━━ Records to process

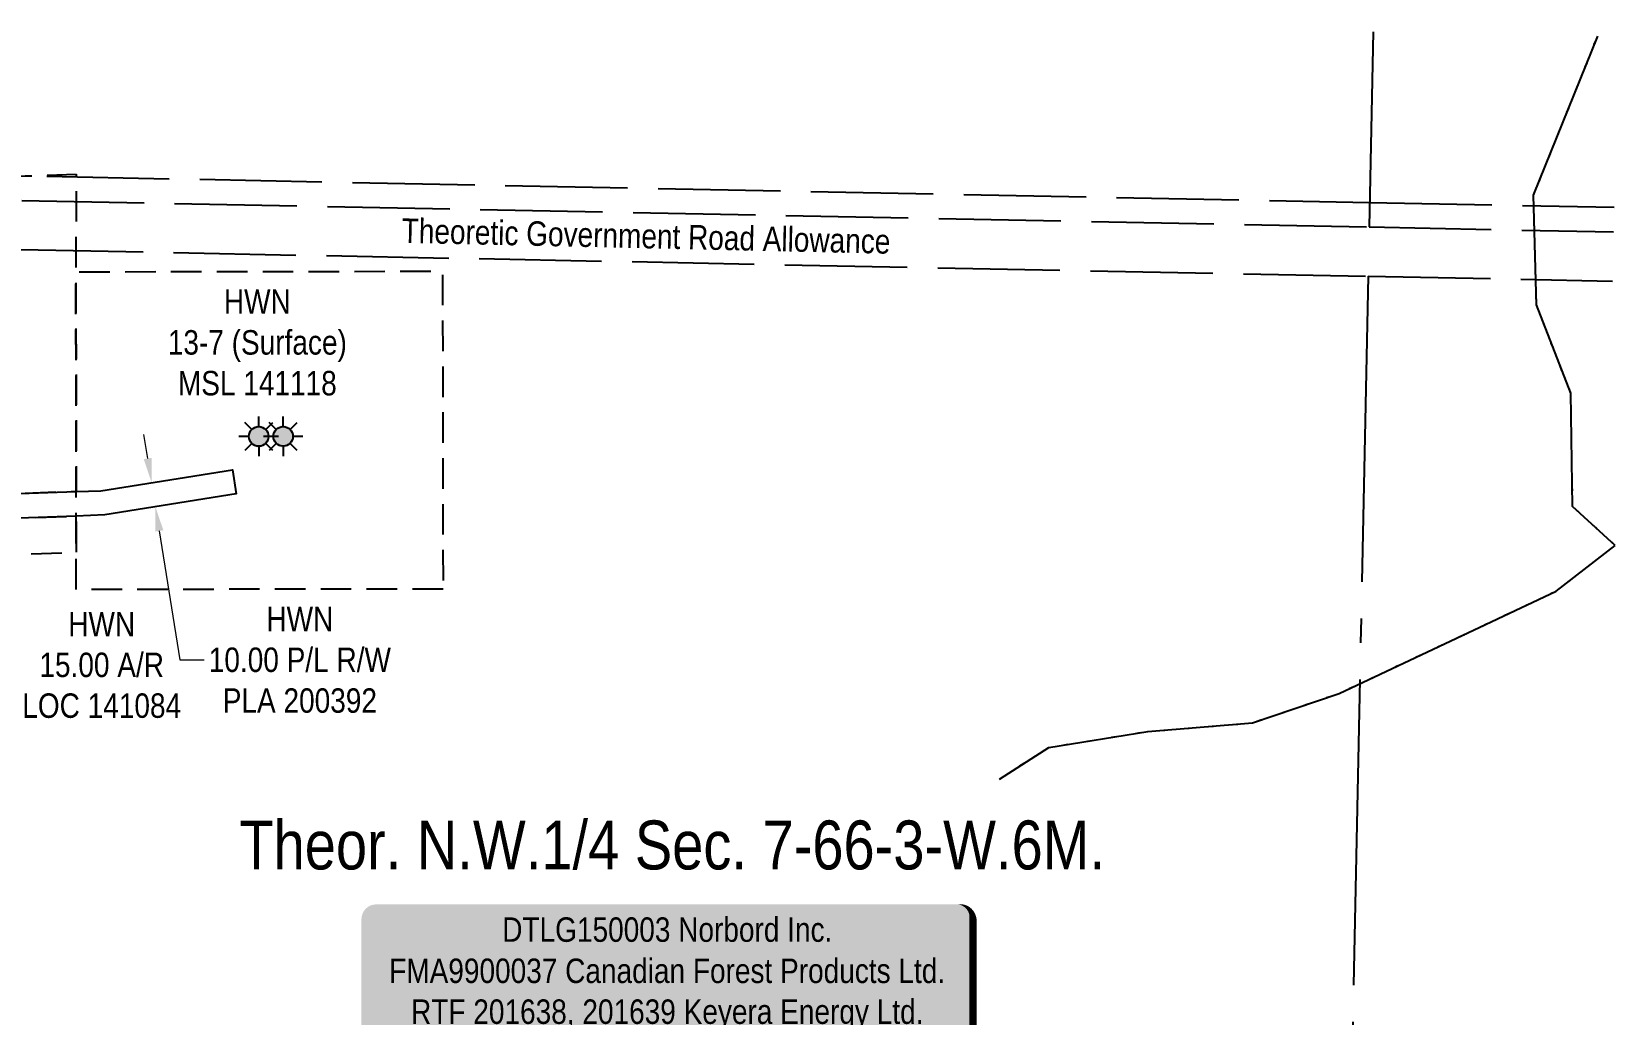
# Model space of a CAD drawing. Extents: x 402981 to 415543, y 6059617 to 6063944.
# Drawn here: x 406616 to 407263, y 6062630 to 6063032 of the extents above; entities that cross this region are included whole.
import ezdxf
from ezdxf.enums import TextEntityAlignment as Align

# ---------------------------------------------------------------- set-up
doc = ezdxf.new("R2010")
doc.units = 0
doc.header["$LTSCALE"] = 5
doc.header["$PDMODE"] = 34
doc.header["$PDSIZE"] = 5
for name, pattern in [('foc-ACCESSROAD', [3.75, 2.5, -1.25]), ('foc-QUARTERLINE', [33, 25, -3, 2, -3]), ('foc-UNSURVEYED', [12.5, 10, -2.5]), ('foc-WHEELTRACKS', [2, 0.4, -1.6])]:
    doc.linetypes.add(name, pattern=pattern)
doc.layers.get('Defpoints').update_dxf_attribs({"color": 9})
for name, color, linetype in [('AS-SURFACE IMPACT', 7, 'Continuous'), ('C-SYMBOL', 7, 'Continuous'), ('F-AR', 190, 'foc-ACCESSROAD'), ('F-RW', 190, 'Continuous'), ('F-WS', 190, 'foc-ACCESSROAD'), ('F-WS-S', 190, 'Continuous'), ('L-QSEC', 8, 'foc-QUARTERLINE'), ('L-ROAD-T', 7, 'Continuous'), ('L-USEC', 7, 'foc-UNSURVEYED'), ('T-WATER-P3', 160, 'foc-WHEELTRACKS')]:
    doc.layers.add(name, color=color, linetype=linetype)
for name, color, linetype, lineweight in [('F-AR-T', 190, 'Continuous', 9), ('F-RW-T', 190, 'Continuous', 9), ('F-WS-T', 190, 'Continuous', 9)]:
    doc.layers.add(name, color=color, linetype=linetype, lineweight=lineweight)
doc.styles.add('175L', font='ARIALN.TTF', dxfattribs={"height": 20})
doc.styles.add('80', font='ARIALN.TTF', dxfattribs={"height": 10})
doc.styles.add('80CG', font='ARIALN.TTF', dxfattribs={"height": 10})
doc.styles.add('80L', font='ARIALN.TTF', dxfattribs={"height": 10})
doc.styles.add('foc-LtypeFont', font='ARIALN.TTF', dxfattribs={"height": 7.35})
doc.linetypes.add('foc-TOPO-flowdirection-NOLINE', pattern='A,0,[">",foc-LtypeFont,S=0.3,R=0,X=0,Y=-0.945],-20,[">",foc-LtypeFont,S=0.3,R=0,X=0,Y=-0.945],0', length=20)
doc.dimstyles.new('Compass 5 000', dxfattribs={"dimscale": 5, "dimtxt": 9, "dimasz": 2, "dimexe": 0.2, "dimexo": 0.0625, "dimgap": 0.5, "dimtad": 0, "dimtih": 1, "dimtoh": 1, "dimzin": 0, "dimdsep": 46, "dimtxsty": '80CG', "dimcen": 0.1, "dimse1": 1, "dimse2": 1, "dimclrd": 256, "dimclrt": 256, "dimaunit": 1, "dimadec": 4, "dimazin": 0, "dimtfac": 0.06, "dimtofl": 0, "dimtmove": 0, "dimatfit": 1, "dimfxl": 0.2, "dimtolj": 1, "dimtzin": 0, "dimlwd": -1, "dimarcsym": 0})

# ---------------------------------------------------------------- blocks, each defined once
blk = doc.blocks.new('*D542')
at = {"layer": 'Defpoints', "color": 0, "transparency": 16777216}
for p in [(406561.14, 6062831.12), (406598.61, 6062817.44), (406561.67, 6062816.14)]:
    blk.add_point(p, dxfattribs=at)
at = {"layer": 'F-AR-T', "transparency": 16777216}
for p, q in [((406597.73, 6062842.42), (406597.38, 6062852.41)), ((406598.96, 6062807.45), (406600.19, 6062772.77)), ((406600.19, 6062772.77), (406610.19, 6062772.77))]:
    blk.add_line(p, q, dxfattribs=at)
for points in [[(406599.4, 6062842.48), (406596.07, 6062842.36), (406598.08, 6062832.42)], [(406600.63, 6062807.5), (406597.3, 6062807.39), (406598.61, 6062817.44)]]:
    blk.add_solid(points, dxfattribs=at)
at = {"layer": 'F-AR-T', "transparency": 16777216, "insert": (406644.48, 6062772.77), "char_height": 10, "attachment_point": 5, "style": '80CG'}
blk.add_mtext('\\A1;HWN\\P15.00 A/R\\PLOC 141084', dxfattribs=at)
blk = doc.blocks.new('*U665')
h = blk.add_hatch(color=255)
edge = h.paths.add_edge_path()
edge.add_line((-119, -37), (119, -37))
edge.add_arc((119, -31), 6, 270, 360)
edge.add_line((125, -31), (125, 29.5))
edge.add_arc((119, 29.5), 6, 0, 90)
edge.add_line((119, 35.5), (-119, 35.5))
edge.add_arc((-119, 29.5), 6, 90, 180)
edge.add_line((-125, 29.5), (-125, -31))
edge.add_arc((-119, -31), 6, 180, 270)
at = {"color": 44, "flags": 128}
blk.add_lwpolyline([(-119, -37, 3, 3, 0), (119, -37, 3, 3, 0.414214), (125, -31, 3, 3, 0), (125, 29.5, 3, 0, 0.414214), (119, 35.5, 0, 0, 0), (-119, 35.5, 0, 0, 0.414214), (-125, 29.5, 0, 0, 0), (-125, -31, 0, 3, 0.414214)], format="xyseb", close=True, dxfattribs=at)
at = {"color": 44, "style": '80'}
blk.add_attdef('ENTER_TEXT_001', (-35.99, -5), '', height=10, dxfattribs=at)
blk = doc.blocks.new('GAS')
h = blk.add_hatch(color=255)
h.dxf.hatch_style = 1
edge = h.paths.add_edge_path()
edge.add_arc((0, 0), 0.9, 0, 360)
for p, q in [((0, 0.81), (0, 1.62)), ((-0.81, 0), (-1.62, 0)), ((-0.57, 0.57), (-1.14, 1.14)), ((0.57, 0.57), (1.14, 1.14)), ((1.62, 0), (0.81, 0)), ((-0.57, -0.57), (-1.14, -1.14)), ((0, -0.81), (0, -1.62)), ((1.14, -1.14), (0.57, -0.57))]:
    blk.add_line(p, q)
blk.add_circle((0, 0), 0.8)
blk = doc.blocks.new('*D799')
at = {"layer": 'Defpoints', "color": 0, "transparency": 16777216}
for p in [(406659.47, 6062846.49), (406661.04, 6062836.63), (406666.46, 6062837.49)]:
    blk.add_point(p, dxfattribs=at)
at = {"layer": 'F-RW-T', "transparency": 16777216}
for p, q in [((406663.32, 6062857.23), (406661.75, 6062867.1)), ((406668.03, 6062827.61), (406676.42, 6062774.85)), ((406676.42, 6062774.85), (406686.42, 6062774.85))]:
    blk.add_line(p, q, dxfattribs=at)
for points in [[(406664.97, 6062857.49), (406661.68, 6062856.96), (406664.89, 6062847.35)], [(406669.68, 6062827.87), (406666.39, 6062827.35), (406666.46, 6062837.49)]]:
    blk.add_solid(points, dxfattribs=at)
at = {"layer": 'F-RW-T', "transparency": 16777216, "insert": (406725.51, 6062774.85), "char_height": 10, "attachment_point": 5, "style": '80CG'}
blk.add_mtext('\\A1;HWN\\P10.00 P/L R/W\\PPLA 200392', dxfattribs=at)

msp = doc.modelspace()

# ---------------------------------------------------------------- linework, layer by layer
at = {"layer": 'F-AR', "flags": 128}
msp.add_lwpolyline([(406404.791, 6062734.998), (406402.904, 6062713.766), (406383.718, 6062736.868), (406397.515, 6062748.469), (406412.824, 6062761.339), (406492.962, 6062828.717), (406517.281, 6062829.575), (406634.073, 6062833.693), (406634.091, 6062818.69), (406498.656, 6062813.915), (406422.402, 6062749.804), (406407.093, 6062736.933), (406404.791, 6062734.998)], close=True, dxfattribs=at)
at = {"layer": 'F-RW'}
msp.add_lwpolyline([(406510.623, 6062839.343), (406634.058, 6062843.697), (406644.163, 6062844.054), (406697.947, 6062852.606), (406699.515, 6062842.744), (406645.731, 6062834.192), (406634.073, 6062833.693), (406517.281, 6062829.575)], dxfattribs=at)
at = {"layer": 'F-WS', "flags": 128}
for points in [[(406419.266, 6062836.194), (406415.036, 6062836.056), (406419.261, 6062901.302), (406419.258, 6062946.437), (406419.257, 6062966.13), (406613.215, 6062972.764), (406634.048, 6062973.485), (406634.045, 6062972.352), (406633.97, 6062948.566), (406633.95, 6062942.186), (406633.923, 6062933.572), (406634.058, 6062843.697), (406510.623, 6062839.344), (406495.638, 6062838.816), (406489.165, 6062838.588), (406451.93, 6062837.309), (406419.266, 6062836.194)], [(406784.044, 6062803.857), (406634.109, 6062803.639), (406634.091, 6062818.69), (406634.073, 6062833.693), (406634.058, 6062843.697), (406633.923, 6062933.572), (406783.866, 6062933.801), (406783.869, 6062931.384), (406783.893, 6062913.652), (406784.044, 6062803.857)]]:
    msp.add_lwpolyline(points, close=True, dxfattribs=at)
at = {"layer": 'L-QSEC'}
for p, q in [((407164.353, 6063031.748), (407162.712, 6062951.883)), ((407162.299, 6062931.767), (407145.785, 6062127.609))]:
    msp.add_line(p, q, dxfattribs=at)
at = {"layer": 'L-USEC'}
for p, q in [((406372.105, 6062977.54), (407162.918, 6062961.924)), ((406361.857, 6062967.698), (407162.696, 6062951.884)), ((407162.918, 6062961.924), (407262.899, 6062959.949)), ((406361.44, 6062947.582), (407162.299, 6062931.767)), ((407162.696, 6062951.884), (407262.693, 6062949.909)), ((407162.299, 6062931.767), (407262.28, 6062929.793))]:
    msp.add_line(p, q, dxfattribs=at)
at = {"layer": 'T-WATER-P3', "flags": 128}
for points in [[(407263.389, 6062821.688), (407245.91, 6062837.587), (407245.235, 6062883.9), (407231.142, 6062920.024), (407229.925, 6062964.858), (407256.21, 6063029.934)], [(407011.542, 6062726.071), (407031.7, 6062739.075), (407072.243, 6062745.62), (407115.004, 6062749.146), (407150.442, 6062761.182), (407239.258, 6062803.03), (407263.389, 6062821.688)]]:
    msp.add_lwpolyline(points, dxfattribs=at)
at = {"layer": 'T-WATER-P3', "linetype": 'foc-TOPO-flowdirection-NOLINE', "flags": 128}
for points in [[(407263.389, 6062821.688), (407245.91, 6062837.587), (407245.235, 6062883.9), (407231.142, 6062920.024), (407229.925, 6062964.858), (407256.21, 6063029.934)], [(407011.542, 6062726.071), (407031.7, 6062739.075), (407072.243, 6062745.62), (407115.004, 6062749.146), (407150.442, 6062761.182), (407239.258, 6062803.03), (407263.389, 6062821.688)]]:
    msp.add_lwpolyline(points, dxfattribs=at)

# ---------------------------------------------------------------- block references
at = {"layer": 'AS-SURFACE IMPACT'}
ref = msp.add_blockref('*U665', (406875.7, 6062639.391), dxfattribs=at)
ref.add_attrib('ENTER_TEXT_001', 'DTLG150003 Norbord Inc.', (406808.262, 6062659.585), dxfattribs={"layer": '0', "color": 44, "height": 10, "style": '80'})
ref.add_attrib('ENTER_TEXT_002', 'FMA9900037 Canadian Forest Products Ltd.', (406762.034, 6062642.741), dxfattribs={"layer": '0', "color": 44, "height": 10, "style": '80'})
ref.add_attrib('ENTER_TEXT_003', 'RTF 201638, 201639 Keyera Energy Ltd.', (406770.983, 6062626.034), dxfattribs={"layer": '0', "color": 44, "height": 10, "style": '80'})
ref.add_attrib('ENTER_TEXT_004', 'TPA 979 DALLAS STEWART BENNETT', (406771.908, 6062609.19), dxfattribs={"layer": '0', "color": 44, "height": 10, "style": '80'})
at = {"layer": 'F-WS-S', "xscale": 5.000000000000001, "yscale": 5.000000000000001, "zscale": 5.000000000000001}
for p in [(406708.691, 6062866.237), (406718.682, 6062866.254)]:
    msp.add_blockref('GAS', p, dxfattribs=at)

# ---------------------------------------------------------------- texts
at = {"layer": 'C-SYMBOL', "color": 3, "style": '175L'}
msp.add_text('Theor. N.W.1/4 Sec. 7-66-3-W.6M.', height=20, dxfattribs=at).set_placement((406877.744, 6062683.192), align=Align.BOTTOM_CENTER)
at = {"layer": 'F-WS-T', "insert": (406708.121, 6062904.633), "char_height": 10, "attachment_point": 5, "style": '80CG'}
msp.add_mtext('\\A1;HWN\\P13-7 (Surface)\\PMSL 141118', dxfattribs=at)

# ---------------------------------------------------------------- dimensions: what is measured, and where the dimension line sits
at = {"layer": 'F-AR-T'}
dim = msp.add_linear_dim(base=(406598.612, 6062817.439), p1=(406561.14, 6062831.121), p2=(406561.668, 6062816.136), angle=272.019319, text='HWN\\P15.00 A/R\\PLOC 141084', dimstyle='Compass 5 000', dxfattribs=at)
dim.commit()
dim.dimension.update_dxf_attribs({"geometry": '*D542', "text_midpoint": (406644.477, 6062772.771), "dimtype": 161})
at = {"layer": 'F-RW-T'}
dim = msp.add_linear_dim(base=(406666.463, 6062837.489), p1=(406659.47, 6062846.488), p2=(406661.038, 6062836.626), angle=279.034411, text='HWN\\P10.00 P/L R/W\\PPLA 200392', dimstyle='Compass 5 000', dxfattribs=at)
dim.commit()
dim.dimension.update_dxf_attribs({"geometry": '*D799', "text_midpoint": (406725.509, 6062774.847), "dimtype": 161})

# ---------------------------------------------------------------- next in the draw order: texts
at = {"layer": 'L-ROAD-T', "insert": (406867.185, 6062953.176), "char_height": 9.99581, "width": 200.04363, "attachment_point": 2, "rotation": 358.712285, "style": '80L', "bg_fill": 3, "box_fill_scale": 1.15, "bg_fill_color": 256, "bg_fill_true_color": 256, "bg_fill_transparency": 0}
msp.add_mtext('Theoretic Government Road Allowance', dxfattribs=at)

doc.saveas('drawing.dxf')

━━━━

* What you are asked to do
Please give back exactly the lines from the first line of the records above through the line containing "from ezdxf.enums import", only those and both included, with the pictures removed.

* Response
# Model space of a CAD drawing. Extents: x 402981 to 415543, y 6059617 to 6063944.
# Drawn here: x 406616 to 407263, y 6062630 to 6063032 of the extents above; entities that cross this region are included whole.
import ezdxf
from ezdxf.enums import TextEntityAlignment as Align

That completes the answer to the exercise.